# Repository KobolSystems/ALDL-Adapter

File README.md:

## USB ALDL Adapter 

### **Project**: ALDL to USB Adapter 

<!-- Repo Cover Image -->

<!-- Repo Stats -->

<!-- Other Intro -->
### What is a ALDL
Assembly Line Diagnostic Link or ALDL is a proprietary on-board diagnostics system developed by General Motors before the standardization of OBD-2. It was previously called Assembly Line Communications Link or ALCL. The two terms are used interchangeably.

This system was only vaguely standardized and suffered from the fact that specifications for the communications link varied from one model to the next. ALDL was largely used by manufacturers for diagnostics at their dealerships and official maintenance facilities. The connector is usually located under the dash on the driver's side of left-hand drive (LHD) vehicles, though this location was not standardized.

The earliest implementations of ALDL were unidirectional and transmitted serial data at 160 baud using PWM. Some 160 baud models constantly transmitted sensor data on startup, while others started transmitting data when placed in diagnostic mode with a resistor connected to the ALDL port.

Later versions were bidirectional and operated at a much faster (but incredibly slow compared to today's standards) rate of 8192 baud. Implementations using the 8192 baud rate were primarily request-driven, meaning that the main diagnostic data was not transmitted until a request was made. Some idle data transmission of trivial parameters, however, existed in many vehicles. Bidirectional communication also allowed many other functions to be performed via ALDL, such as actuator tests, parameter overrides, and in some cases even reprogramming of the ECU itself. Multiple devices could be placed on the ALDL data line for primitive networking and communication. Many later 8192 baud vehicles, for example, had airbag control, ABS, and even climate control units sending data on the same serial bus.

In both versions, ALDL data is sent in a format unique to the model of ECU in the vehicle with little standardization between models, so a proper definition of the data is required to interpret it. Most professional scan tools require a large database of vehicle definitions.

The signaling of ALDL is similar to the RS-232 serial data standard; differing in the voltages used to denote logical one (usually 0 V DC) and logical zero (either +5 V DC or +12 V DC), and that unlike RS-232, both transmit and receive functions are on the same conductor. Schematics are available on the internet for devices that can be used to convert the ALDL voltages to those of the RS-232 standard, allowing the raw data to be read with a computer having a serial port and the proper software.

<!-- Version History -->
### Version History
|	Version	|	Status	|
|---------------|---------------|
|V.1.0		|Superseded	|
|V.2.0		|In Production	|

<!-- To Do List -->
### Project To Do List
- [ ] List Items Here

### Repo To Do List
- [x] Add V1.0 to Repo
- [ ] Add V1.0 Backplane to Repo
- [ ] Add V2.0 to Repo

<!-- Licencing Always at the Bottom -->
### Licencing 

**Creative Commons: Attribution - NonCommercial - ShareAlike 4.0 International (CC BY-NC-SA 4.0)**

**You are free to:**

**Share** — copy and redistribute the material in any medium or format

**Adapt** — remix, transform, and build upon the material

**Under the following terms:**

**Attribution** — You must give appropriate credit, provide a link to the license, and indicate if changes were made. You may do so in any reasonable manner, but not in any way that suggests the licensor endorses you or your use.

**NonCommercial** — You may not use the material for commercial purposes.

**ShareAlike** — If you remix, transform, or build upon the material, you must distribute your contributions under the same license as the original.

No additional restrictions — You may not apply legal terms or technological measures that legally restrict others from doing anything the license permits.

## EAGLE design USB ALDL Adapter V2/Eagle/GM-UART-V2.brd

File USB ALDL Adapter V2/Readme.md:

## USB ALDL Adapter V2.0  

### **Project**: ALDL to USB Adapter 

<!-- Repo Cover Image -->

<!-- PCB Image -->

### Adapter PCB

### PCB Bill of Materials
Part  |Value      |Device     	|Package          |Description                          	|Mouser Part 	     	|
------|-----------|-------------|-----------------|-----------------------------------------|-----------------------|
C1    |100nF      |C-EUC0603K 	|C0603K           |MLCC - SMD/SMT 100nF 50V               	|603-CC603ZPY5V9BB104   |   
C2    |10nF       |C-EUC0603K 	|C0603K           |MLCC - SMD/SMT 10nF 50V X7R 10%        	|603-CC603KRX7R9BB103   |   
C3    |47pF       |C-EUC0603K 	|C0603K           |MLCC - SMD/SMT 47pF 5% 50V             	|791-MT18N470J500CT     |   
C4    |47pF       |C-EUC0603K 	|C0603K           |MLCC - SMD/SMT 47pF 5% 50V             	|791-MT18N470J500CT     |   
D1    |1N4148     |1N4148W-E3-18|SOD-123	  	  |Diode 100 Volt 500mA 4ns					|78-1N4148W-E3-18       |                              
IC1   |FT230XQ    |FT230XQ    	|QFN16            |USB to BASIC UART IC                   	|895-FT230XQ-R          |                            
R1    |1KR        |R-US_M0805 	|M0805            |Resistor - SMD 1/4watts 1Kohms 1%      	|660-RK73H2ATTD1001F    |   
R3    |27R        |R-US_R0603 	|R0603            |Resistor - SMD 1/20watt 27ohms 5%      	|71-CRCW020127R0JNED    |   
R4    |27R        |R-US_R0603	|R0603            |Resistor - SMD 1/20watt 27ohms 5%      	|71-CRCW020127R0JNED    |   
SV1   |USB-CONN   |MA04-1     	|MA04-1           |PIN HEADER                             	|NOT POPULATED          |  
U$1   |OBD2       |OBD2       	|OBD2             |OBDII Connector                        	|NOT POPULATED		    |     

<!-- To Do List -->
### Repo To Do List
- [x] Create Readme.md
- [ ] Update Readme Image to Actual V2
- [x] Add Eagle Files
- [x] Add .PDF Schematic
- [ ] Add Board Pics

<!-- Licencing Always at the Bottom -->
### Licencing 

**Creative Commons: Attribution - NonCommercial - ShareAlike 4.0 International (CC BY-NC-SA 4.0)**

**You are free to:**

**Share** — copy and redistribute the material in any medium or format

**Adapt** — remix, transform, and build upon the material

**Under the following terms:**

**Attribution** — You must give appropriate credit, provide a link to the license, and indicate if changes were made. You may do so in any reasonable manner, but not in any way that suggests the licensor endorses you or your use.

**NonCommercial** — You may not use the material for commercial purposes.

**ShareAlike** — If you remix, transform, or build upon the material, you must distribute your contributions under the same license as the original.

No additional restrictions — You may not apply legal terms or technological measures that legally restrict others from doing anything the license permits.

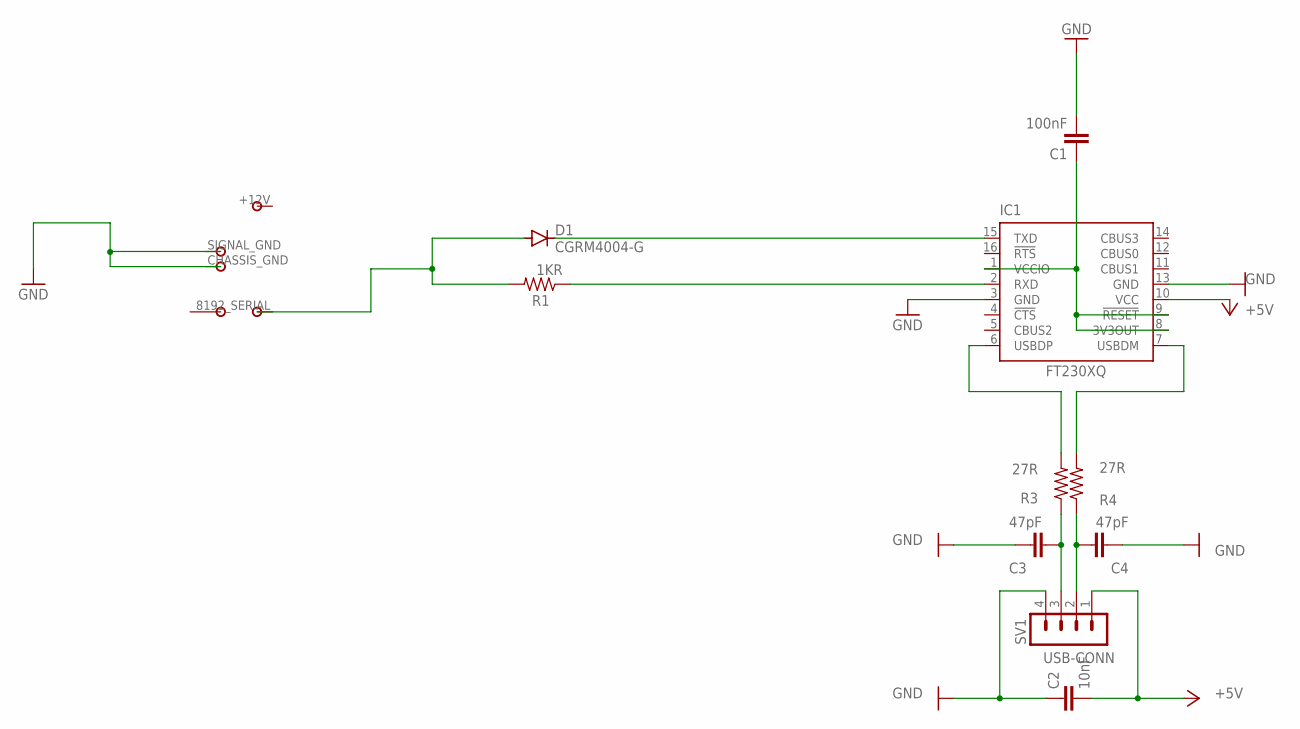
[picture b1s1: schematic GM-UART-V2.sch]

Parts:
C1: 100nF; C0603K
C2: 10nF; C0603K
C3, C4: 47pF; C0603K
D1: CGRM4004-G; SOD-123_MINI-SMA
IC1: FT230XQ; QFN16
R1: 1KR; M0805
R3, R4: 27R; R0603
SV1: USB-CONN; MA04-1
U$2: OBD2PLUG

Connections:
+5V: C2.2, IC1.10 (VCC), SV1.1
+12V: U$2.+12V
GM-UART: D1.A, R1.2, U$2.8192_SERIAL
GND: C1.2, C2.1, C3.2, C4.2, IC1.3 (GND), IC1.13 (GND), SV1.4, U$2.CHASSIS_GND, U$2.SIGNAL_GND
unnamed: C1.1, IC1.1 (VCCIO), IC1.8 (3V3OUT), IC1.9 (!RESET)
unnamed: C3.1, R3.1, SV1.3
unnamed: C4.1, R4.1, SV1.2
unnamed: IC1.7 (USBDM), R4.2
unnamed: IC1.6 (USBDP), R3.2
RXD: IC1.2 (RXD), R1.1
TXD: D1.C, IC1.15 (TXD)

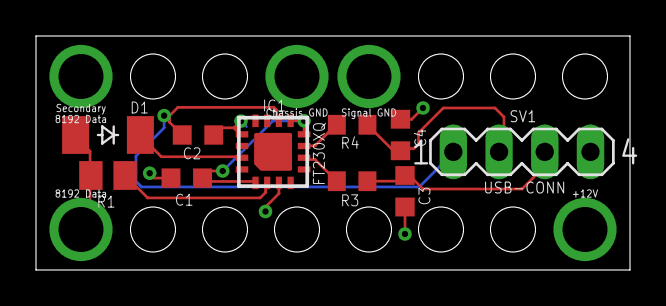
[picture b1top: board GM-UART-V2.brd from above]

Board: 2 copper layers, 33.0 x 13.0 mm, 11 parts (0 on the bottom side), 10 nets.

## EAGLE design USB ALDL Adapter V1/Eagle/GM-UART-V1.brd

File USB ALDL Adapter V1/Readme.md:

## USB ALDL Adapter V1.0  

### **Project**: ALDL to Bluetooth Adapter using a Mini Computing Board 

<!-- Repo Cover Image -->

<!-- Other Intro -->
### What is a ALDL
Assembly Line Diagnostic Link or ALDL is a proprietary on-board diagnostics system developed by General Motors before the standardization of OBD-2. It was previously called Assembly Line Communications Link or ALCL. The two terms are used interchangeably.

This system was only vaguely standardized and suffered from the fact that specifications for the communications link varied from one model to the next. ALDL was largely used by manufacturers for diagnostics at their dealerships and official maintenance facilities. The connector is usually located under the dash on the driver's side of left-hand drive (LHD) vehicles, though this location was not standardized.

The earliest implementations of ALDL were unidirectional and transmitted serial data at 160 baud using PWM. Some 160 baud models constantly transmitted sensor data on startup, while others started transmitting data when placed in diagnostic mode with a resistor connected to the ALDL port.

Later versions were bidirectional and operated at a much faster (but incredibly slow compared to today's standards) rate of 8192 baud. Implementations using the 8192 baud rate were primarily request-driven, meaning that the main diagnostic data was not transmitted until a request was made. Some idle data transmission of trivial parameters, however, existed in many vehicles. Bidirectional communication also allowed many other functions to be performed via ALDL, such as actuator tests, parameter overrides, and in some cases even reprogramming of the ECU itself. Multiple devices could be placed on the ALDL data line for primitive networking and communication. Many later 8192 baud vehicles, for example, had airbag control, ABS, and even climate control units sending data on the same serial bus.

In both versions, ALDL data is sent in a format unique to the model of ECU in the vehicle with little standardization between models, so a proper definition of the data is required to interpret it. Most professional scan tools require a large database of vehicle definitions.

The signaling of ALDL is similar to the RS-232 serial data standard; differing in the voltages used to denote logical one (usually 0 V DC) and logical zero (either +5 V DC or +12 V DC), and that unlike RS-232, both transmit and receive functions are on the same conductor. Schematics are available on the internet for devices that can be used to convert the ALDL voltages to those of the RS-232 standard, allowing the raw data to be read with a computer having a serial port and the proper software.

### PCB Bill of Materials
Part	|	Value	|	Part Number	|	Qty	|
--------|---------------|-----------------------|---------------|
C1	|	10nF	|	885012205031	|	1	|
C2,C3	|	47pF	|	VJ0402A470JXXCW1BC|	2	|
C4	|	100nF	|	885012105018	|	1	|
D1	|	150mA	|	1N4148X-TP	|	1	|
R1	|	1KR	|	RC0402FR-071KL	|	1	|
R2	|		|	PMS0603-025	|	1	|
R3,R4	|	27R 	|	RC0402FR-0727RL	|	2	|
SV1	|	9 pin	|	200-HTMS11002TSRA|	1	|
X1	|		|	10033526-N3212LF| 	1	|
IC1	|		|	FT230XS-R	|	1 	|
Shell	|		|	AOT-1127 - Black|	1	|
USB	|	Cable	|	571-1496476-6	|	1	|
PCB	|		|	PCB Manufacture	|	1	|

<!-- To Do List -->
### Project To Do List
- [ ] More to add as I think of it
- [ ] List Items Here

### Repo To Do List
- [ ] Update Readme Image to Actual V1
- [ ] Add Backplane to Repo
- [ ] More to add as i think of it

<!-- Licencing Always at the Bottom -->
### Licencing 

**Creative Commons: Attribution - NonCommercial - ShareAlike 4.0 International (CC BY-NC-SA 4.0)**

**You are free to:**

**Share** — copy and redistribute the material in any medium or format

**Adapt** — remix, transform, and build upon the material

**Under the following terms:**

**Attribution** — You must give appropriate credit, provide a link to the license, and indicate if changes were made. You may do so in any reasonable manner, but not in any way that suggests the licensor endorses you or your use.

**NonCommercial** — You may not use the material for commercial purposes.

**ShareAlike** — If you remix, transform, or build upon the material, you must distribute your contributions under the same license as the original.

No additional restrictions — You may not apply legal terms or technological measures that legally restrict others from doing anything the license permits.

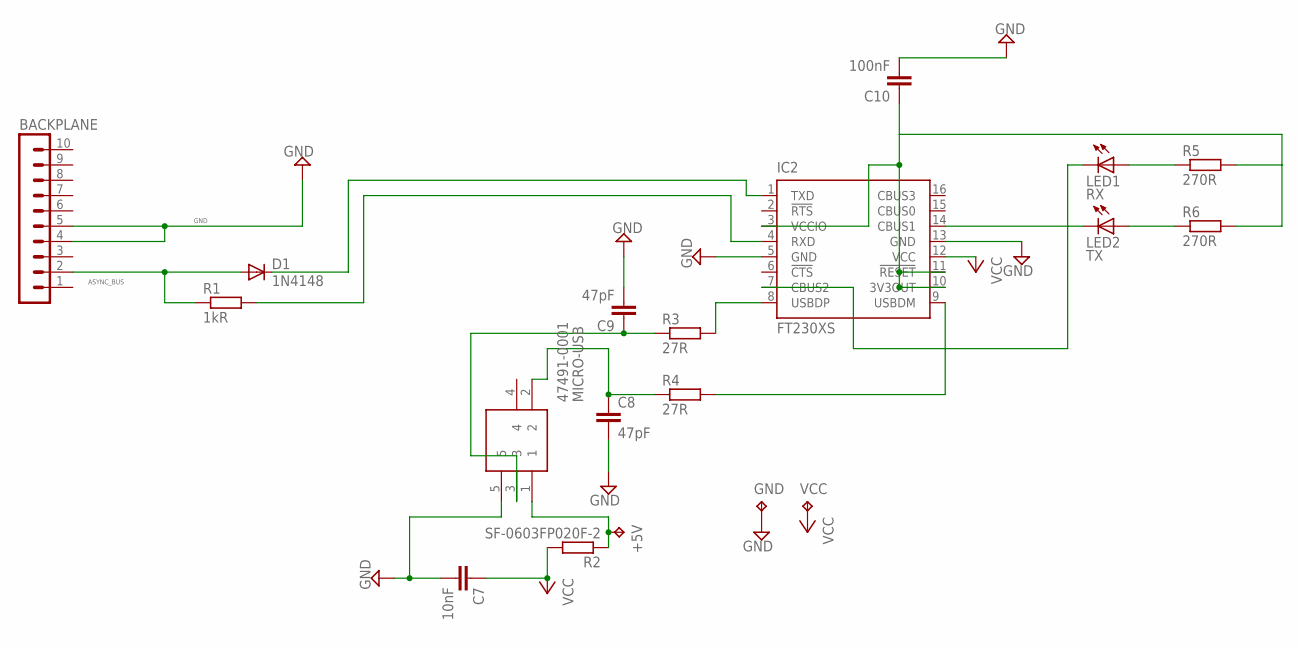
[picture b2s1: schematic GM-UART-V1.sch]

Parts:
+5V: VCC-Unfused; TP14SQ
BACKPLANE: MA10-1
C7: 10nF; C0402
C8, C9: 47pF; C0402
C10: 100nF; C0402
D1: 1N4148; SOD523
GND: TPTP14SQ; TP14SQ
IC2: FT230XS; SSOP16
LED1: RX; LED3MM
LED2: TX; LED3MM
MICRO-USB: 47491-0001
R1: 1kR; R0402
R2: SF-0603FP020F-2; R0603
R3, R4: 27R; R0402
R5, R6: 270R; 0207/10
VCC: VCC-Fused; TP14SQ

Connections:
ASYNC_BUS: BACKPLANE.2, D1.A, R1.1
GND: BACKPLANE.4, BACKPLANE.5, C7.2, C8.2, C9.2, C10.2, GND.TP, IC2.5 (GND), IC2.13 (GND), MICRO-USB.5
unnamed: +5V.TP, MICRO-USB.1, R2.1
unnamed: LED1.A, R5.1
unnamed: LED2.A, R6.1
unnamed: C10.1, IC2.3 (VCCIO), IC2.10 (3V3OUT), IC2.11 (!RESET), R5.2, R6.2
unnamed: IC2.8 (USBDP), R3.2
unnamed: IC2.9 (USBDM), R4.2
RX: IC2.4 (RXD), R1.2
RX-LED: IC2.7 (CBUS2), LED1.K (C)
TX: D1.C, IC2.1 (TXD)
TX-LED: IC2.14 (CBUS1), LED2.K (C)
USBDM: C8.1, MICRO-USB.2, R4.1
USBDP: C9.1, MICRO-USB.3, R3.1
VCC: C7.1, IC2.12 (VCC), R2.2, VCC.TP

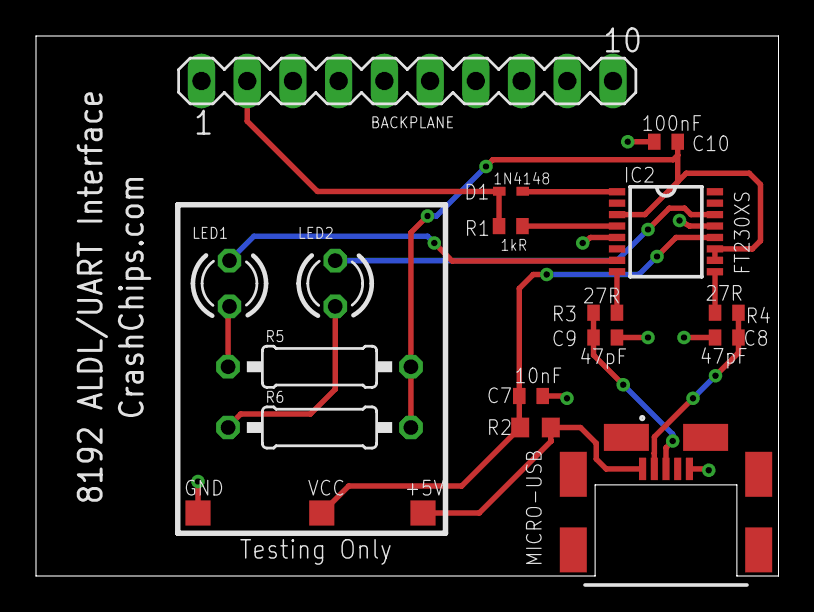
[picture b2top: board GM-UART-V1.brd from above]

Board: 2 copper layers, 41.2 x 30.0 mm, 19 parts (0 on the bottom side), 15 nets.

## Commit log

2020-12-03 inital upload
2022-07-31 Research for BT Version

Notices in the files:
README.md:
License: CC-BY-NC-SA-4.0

> [Exercise]
Pull out every line in the data above that has the word "MLCC".

> [Task response]
C1    |100nF      |C-EUC0603K 	|C0603K           |MLCC - SMD/SMT 100nF 50V               	|603-CC603ZPY5V9BB104   |   
C2    |10nF       |C-EUC0603K 	|C0603K           |MLCC - SMD/SMT 10nF 50V X7R 10%        	|603-CC603KRX7R9BB103   |   
C3    |47pF       |C-EUC0603K 	|C0603K           |MLCC - SMD/SMT 47pF 5% 50V             	|791-MT18N470J500CT     |   
C4    |47pF       |C-EUC0603K 	|C0603K           |MLCC - SMD/SMT 47pF 5% 50V             	|791-MT18N470J500CT     |   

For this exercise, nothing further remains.